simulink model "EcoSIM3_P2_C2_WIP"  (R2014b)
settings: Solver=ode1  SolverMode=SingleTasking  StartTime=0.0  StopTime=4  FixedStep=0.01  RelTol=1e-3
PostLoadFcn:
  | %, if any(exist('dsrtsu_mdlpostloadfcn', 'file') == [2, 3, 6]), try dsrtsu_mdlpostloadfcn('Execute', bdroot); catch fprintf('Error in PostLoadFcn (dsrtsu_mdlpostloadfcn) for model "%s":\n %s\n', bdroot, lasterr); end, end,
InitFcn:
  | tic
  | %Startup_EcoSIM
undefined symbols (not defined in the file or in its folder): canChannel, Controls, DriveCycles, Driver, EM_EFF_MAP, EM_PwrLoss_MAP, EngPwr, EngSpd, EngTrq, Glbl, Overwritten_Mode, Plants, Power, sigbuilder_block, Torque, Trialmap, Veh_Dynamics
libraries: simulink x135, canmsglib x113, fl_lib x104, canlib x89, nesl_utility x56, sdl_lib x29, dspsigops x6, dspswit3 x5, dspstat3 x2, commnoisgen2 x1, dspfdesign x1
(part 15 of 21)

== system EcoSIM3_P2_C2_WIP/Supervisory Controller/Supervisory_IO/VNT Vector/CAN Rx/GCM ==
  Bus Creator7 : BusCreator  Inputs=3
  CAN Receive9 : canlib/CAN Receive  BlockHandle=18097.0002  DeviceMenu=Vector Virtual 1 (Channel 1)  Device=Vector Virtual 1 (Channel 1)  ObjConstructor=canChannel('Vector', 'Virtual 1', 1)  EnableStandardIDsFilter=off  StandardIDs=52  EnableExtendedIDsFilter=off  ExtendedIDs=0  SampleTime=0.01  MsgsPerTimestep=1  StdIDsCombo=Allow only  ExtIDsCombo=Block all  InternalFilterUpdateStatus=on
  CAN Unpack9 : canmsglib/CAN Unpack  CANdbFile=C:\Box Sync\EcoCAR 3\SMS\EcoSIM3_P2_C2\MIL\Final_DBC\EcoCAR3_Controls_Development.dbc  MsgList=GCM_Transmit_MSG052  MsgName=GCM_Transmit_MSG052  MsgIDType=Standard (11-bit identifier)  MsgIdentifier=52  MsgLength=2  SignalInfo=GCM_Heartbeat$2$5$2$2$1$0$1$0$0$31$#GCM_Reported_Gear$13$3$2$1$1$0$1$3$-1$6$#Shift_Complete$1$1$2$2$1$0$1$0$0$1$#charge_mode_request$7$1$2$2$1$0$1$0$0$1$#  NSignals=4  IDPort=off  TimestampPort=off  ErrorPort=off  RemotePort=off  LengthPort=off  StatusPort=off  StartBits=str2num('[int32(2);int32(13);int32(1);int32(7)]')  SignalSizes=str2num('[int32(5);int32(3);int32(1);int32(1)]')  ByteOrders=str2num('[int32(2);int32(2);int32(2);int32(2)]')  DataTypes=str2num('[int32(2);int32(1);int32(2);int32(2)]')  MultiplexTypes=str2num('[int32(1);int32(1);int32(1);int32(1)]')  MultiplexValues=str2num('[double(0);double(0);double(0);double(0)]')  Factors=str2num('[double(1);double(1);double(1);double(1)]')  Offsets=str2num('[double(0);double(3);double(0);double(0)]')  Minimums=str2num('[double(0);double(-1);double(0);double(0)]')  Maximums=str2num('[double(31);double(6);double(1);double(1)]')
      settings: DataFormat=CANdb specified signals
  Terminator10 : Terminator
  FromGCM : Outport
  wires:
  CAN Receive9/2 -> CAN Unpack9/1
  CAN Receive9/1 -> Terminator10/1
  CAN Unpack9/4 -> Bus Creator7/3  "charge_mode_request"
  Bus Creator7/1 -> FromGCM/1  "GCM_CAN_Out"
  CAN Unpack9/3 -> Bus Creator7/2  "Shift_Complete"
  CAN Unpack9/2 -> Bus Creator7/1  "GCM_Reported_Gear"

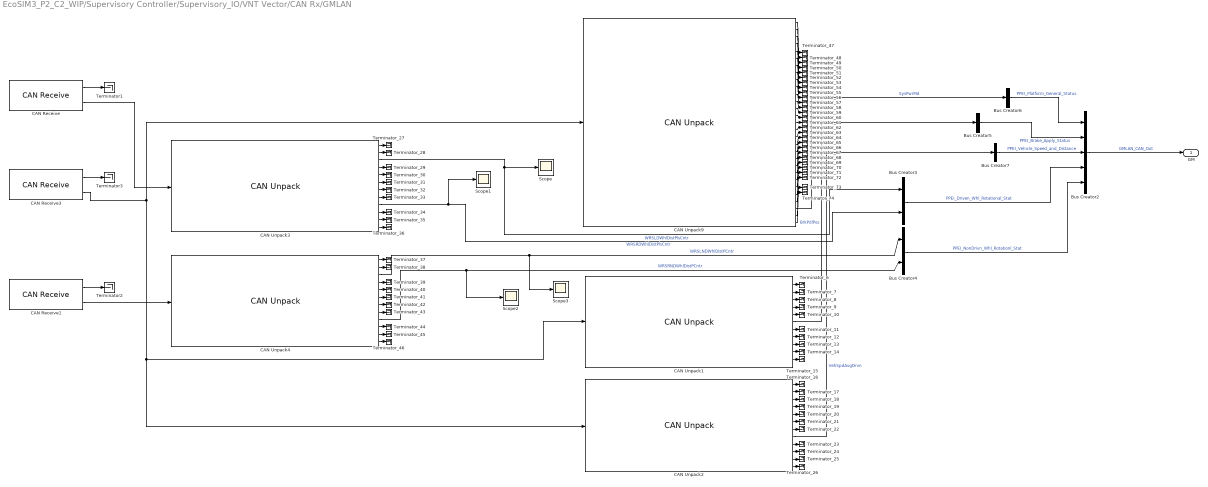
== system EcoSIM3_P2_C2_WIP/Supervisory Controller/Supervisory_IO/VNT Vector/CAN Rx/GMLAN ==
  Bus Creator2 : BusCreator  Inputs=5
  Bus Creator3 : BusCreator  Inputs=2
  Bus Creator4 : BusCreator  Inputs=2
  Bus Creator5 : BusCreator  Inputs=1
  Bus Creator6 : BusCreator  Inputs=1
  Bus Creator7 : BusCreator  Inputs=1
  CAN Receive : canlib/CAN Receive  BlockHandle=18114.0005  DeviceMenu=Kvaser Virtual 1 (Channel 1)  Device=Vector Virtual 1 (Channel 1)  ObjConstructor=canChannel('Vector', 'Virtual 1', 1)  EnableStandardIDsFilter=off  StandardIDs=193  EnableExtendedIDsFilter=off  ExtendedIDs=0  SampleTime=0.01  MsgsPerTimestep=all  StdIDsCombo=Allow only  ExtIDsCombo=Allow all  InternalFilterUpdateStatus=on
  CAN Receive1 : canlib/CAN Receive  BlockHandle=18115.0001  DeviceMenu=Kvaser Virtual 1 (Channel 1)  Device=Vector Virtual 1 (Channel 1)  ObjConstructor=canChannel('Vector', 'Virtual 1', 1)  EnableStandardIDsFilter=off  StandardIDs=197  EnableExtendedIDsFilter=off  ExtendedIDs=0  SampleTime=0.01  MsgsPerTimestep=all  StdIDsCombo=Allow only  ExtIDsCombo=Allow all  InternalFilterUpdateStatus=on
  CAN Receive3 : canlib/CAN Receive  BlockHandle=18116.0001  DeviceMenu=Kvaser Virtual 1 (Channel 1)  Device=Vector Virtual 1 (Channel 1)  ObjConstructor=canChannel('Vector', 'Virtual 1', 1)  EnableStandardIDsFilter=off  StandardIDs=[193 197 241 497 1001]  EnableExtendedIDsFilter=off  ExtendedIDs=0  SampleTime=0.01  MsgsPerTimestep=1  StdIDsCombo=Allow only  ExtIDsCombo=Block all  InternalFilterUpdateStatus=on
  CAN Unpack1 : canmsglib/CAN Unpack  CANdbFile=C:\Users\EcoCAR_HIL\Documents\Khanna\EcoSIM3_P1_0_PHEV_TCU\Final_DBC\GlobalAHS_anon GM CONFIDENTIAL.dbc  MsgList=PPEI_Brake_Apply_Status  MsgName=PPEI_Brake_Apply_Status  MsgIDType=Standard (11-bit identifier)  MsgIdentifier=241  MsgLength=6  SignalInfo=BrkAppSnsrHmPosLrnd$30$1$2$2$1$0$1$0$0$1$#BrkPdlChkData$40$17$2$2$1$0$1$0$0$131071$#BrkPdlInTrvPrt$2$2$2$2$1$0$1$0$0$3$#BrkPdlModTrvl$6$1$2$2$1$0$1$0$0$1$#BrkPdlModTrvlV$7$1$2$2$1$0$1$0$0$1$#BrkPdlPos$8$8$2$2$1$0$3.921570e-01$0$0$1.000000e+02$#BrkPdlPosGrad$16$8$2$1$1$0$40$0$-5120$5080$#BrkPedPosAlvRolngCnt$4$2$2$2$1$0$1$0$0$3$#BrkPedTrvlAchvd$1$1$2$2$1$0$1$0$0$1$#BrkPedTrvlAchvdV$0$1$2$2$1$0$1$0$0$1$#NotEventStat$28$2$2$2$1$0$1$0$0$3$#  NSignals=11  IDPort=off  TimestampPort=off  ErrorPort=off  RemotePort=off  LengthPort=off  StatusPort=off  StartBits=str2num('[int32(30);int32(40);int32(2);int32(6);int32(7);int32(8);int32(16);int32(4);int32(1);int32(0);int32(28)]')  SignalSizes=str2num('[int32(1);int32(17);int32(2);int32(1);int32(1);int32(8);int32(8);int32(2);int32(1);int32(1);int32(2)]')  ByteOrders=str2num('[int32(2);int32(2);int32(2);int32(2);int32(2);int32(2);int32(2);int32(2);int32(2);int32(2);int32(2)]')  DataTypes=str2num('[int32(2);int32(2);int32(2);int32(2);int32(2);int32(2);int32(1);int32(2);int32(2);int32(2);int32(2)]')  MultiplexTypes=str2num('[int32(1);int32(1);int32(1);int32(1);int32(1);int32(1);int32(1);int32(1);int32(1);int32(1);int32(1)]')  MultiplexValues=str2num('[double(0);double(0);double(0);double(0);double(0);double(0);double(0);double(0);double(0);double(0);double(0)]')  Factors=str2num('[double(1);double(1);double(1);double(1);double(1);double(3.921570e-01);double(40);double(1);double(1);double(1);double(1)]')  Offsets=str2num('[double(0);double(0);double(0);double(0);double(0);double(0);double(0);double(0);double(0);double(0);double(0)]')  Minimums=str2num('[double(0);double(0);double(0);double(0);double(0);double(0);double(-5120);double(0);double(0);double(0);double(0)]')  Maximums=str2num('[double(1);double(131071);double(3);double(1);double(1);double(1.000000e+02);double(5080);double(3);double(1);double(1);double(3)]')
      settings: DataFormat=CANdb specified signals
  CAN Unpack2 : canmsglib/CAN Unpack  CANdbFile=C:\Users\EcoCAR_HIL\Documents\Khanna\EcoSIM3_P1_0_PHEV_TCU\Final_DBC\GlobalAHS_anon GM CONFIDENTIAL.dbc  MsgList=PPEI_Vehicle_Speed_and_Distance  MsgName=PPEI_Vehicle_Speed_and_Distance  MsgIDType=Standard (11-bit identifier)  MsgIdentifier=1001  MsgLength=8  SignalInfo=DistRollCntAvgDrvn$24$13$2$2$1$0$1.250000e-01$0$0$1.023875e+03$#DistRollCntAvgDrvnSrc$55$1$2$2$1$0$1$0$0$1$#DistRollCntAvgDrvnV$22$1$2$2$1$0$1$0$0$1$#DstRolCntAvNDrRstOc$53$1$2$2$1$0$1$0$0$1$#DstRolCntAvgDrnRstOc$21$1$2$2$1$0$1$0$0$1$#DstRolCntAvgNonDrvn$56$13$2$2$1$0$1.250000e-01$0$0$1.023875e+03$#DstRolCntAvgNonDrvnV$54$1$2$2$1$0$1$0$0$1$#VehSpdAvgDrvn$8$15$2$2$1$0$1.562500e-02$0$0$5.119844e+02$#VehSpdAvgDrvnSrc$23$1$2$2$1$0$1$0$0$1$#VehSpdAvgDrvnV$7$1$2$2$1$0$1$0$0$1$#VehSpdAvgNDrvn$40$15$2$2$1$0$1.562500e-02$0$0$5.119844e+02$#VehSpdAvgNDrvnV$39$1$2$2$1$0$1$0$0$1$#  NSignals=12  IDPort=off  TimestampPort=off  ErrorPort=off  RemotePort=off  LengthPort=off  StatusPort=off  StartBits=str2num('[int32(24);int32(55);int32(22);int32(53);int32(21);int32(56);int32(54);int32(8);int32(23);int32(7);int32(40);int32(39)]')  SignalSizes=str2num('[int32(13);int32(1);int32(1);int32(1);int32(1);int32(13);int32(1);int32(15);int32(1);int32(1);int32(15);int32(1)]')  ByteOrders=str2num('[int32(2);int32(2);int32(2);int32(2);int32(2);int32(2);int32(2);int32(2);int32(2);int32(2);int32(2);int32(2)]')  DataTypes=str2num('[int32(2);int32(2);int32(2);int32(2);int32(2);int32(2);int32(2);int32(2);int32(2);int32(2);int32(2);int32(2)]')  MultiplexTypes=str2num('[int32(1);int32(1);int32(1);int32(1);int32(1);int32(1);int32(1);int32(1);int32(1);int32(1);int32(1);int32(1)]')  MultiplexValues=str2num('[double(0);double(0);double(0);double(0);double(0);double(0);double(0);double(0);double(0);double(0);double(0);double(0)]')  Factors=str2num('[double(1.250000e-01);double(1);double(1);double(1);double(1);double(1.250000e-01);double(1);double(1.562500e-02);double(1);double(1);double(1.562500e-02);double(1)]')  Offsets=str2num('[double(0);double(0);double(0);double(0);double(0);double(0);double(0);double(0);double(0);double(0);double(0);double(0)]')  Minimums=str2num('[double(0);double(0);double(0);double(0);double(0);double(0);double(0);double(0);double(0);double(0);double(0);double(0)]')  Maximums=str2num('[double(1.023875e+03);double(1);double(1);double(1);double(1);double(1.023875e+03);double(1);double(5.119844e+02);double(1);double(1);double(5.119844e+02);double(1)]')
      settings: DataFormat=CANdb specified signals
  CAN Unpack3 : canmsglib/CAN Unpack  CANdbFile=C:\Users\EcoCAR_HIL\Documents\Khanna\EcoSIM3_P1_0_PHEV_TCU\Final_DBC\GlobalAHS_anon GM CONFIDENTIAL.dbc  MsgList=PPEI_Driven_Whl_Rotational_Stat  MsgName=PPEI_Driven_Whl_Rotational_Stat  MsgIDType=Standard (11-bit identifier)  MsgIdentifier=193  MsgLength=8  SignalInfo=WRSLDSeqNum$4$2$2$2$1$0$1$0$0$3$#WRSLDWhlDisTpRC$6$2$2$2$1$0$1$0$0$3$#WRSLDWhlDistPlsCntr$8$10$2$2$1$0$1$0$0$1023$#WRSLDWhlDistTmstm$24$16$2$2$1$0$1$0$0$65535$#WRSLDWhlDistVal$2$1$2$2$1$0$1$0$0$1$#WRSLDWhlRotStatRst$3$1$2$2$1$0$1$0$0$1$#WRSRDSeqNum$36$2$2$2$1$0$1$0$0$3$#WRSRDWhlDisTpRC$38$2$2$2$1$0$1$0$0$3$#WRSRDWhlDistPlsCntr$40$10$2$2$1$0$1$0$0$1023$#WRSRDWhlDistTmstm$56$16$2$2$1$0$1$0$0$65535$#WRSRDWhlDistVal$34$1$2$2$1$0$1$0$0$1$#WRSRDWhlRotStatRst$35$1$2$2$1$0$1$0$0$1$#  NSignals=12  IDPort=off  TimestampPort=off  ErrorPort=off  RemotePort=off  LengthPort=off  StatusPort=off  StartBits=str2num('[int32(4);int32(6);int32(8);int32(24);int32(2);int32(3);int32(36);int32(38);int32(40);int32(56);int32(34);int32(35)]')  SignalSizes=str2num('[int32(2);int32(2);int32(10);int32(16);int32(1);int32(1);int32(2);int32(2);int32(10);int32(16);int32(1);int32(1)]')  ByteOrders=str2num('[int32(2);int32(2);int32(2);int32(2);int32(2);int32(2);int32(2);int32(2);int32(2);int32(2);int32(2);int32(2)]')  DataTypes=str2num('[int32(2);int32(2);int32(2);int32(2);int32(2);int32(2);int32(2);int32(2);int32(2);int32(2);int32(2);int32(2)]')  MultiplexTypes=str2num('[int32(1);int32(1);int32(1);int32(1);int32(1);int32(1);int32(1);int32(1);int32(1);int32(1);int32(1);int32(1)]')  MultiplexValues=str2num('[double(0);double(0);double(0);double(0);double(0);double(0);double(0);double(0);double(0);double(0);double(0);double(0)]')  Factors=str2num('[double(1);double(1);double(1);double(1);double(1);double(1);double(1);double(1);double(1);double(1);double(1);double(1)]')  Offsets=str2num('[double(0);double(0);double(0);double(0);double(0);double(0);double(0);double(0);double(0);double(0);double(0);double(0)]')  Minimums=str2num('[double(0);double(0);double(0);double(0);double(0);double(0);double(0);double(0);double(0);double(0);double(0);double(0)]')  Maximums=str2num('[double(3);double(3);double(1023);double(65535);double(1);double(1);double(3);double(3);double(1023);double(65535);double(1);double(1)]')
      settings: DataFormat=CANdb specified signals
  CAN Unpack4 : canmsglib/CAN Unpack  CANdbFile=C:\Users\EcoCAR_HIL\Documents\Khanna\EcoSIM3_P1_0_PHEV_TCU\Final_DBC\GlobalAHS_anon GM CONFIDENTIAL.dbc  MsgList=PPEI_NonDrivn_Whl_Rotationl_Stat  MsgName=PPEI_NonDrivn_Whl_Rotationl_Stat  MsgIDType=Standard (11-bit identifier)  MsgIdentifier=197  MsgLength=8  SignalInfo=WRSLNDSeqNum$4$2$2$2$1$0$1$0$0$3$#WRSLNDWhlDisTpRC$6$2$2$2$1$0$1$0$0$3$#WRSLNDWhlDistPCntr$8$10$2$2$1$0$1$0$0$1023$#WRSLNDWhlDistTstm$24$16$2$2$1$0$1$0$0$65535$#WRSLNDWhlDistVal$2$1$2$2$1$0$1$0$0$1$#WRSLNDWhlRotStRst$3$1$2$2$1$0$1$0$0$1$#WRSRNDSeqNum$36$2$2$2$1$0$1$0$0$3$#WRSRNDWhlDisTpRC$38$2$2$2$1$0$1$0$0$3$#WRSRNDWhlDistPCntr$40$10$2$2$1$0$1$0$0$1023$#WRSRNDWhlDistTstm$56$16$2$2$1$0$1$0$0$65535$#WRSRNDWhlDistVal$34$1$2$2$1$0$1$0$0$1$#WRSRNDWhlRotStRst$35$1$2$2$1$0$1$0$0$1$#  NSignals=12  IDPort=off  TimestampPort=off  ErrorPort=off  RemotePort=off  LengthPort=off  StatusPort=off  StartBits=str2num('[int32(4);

═══

- **WHAT IS REQUIRED**
Where the data above reaches the line holding "CAN Receive9/1 -> Terminator10/1", begin printing, and stop after the line holding "CAN Unpack9/2 ->". Each line must be reproduced exactly, with nothing else added.

- **SOLVED EXERCISE**
  CAN Receive9/1 -> Terminator10/1
  CAN Unpack9/4 -> Bus Creator7/3  "charge_mode_request"
  Bus Creator7/1 -> FromGCM/1  "GCM_CAN_Out"
  CAN Unpack9/3 -> Bus Creator7/2  "Shift_Complete"
  CAN Unpack9/2 -> Bus Creator7/1  "GCM_Reported_Gear"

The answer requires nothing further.